* _TASK INPUTS_:

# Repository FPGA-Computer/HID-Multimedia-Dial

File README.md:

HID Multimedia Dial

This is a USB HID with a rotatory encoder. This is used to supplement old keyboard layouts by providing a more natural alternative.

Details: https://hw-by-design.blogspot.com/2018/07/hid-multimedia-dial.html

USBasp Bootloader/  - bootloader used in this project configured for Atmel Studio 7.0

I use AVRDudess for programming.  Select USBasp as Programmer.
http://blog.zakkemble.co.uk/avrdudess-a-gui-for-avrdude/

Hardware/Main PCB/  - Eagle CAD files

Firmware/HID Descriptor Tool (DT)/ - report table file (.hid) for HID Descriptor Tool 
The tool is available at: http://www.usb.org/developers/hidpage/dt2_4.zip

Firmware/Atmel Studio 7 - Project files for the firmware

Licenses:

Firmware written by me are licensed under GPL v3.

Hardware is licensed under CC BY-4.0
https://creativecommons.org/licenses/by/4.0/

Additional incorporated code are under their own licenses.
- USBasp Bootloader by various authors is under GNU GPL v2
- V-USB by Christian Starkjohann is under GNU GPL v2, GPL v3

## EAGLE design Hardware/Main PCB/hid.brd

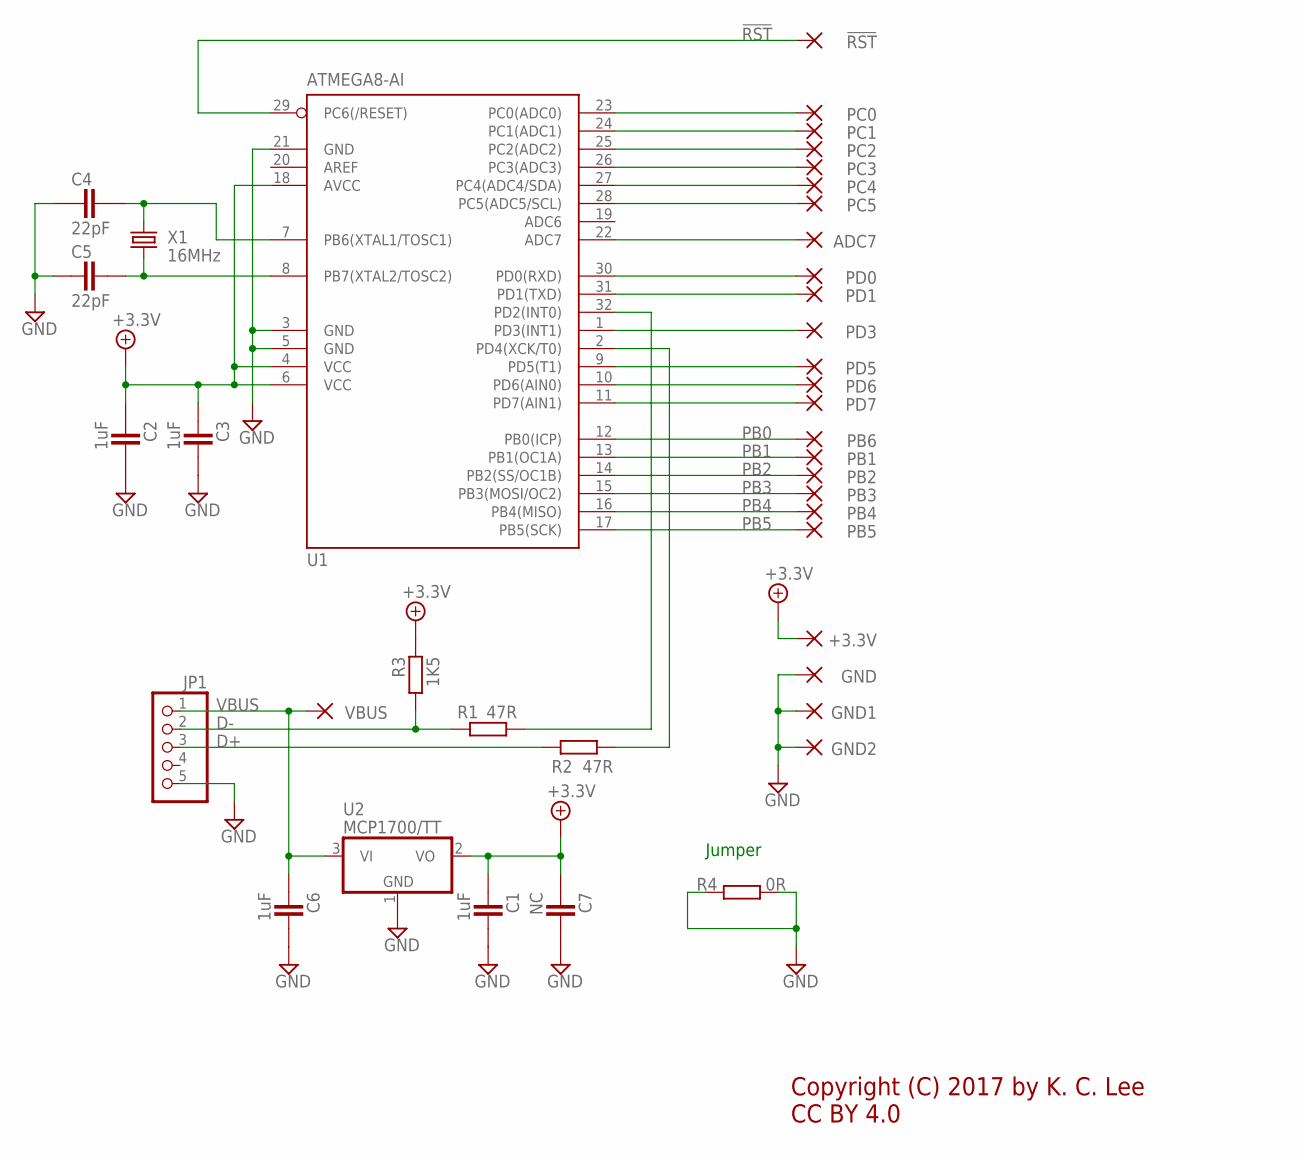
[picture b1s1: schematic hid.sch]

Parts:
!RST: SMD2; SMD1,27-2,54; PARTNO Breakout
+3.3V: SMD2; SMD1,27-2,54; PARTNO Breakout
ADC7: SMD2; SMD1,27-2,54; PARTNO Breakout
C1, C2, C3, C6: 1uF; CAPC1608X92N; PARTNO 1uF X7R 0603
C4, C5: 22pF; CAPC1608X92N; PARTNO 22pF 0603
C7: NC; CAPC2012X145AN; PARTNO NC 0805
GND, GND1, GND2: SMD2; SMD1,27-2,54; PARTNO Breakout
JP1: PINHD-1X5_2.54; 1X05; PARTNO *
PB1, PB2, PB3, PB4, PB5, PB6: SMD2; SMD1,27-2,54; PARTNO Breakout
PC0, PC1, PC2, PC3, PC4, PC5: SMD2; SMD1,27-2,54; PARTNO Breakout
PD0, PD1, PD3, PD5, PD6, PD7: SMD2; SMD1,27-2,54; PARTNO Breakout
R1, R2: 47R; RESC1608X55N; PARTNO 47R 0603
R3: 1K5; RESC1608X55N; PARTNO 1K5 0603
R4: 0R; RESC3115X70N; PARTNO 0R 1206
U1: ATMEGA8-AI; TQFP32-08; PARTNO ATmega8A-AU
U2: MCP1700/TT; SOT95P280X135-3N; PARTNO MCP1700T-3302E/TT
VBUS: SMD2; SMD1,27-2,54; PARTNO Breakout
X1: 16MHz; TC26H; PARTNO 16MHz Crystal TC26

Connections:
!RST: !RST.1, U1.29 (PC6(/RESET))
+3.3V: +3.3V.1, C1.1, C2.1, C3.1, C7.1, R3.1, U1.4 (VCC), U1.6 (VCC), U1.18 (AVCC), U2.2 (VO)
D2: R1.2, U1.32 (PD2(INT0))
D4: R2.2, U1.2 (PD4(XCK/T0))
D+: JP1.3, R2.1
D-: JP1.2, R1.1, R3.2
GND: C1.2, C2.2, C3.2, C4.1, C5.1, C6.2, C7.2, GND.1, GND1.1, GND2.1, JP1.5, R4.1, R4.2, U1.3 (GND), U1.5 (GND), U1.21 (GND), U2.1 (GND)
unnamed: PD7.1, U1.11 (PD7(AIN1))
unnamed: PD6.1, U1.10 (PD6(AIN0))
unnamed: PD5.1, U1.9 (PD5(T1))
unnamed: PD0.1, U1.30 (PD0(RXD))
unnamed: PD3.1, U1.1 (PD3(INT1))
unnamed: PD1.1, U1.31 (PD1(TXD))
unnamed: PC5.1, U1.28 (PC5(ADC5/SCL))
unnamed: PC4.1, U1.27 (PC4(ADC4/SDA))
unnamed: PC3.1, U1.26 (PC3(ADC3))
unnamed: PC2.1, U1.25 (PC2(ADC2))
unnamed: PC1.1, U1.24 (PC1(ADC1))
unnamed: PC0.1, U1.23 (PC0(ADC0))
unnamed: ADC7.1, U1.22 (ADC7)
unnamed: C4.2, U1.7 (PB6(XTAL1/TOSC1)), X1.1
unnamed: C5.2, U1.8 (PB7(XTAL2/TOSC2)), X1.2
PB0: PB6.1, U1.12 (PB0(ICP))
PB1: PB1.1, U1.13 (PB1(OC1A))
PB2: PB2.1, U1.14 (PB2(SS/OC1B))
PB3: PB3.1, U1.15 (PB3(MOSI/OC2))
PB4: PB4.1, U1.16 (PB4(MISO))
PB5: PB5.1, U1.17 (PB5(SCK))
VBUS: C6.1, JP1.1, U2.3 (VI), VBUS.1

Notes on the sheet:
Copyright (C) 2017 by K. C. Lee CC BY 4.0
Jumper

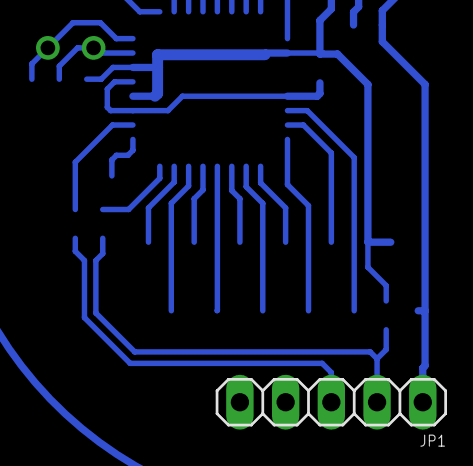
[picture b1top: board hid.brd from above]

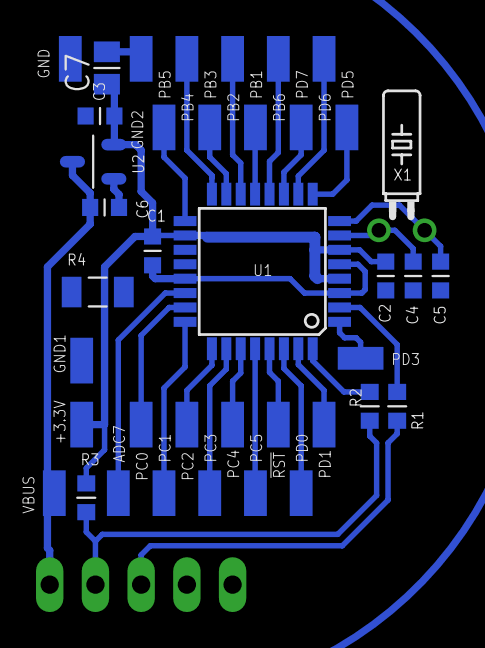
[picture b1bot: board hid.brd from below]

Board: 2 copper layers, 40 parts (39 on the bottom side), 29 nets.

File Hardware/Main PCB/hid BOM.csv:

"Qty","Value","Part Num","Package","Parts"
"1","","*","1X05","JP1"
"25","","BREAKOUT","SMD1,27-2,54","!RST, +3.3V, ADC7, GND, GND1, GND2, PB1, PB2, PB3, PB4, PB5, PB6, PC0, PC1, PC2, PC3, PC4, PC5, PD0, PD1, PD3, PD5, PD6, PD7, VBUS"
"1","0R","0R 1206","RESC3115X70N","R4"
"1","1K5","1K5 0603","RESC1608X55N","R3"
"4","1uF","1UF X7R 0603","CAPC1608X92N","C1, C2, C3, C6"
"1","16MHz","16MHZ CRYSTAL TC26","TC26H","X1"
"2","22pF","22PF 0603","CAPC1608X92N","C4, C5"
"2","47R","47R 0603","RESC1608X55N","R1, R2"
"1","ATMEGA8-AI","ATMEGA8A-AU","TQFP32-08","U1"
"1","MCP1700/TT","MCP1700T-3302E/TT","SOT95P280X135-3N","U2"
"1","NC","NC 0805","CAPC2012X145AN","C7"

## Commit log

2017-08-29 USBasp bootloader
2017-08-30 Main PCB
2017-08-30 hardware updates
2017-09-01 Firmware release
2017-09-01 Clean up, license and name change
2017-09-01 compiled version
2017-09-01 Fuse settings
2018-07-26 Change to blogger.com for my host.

* _YOUR ASSIGNMENT_:
Isolate each line of the listing above that includes "USBasp". Copy it.

* _EXERCISE ANSWER_:
USBasp Bootloader/  - bootloader used in this project configured for Atmel Studio 7.0
I use AVRDudess for programming.  Select USBasp as Programmer.
- USBasp Bootloader by various authors is under GNU GPL v2
2017-08-29 USBasp bootloader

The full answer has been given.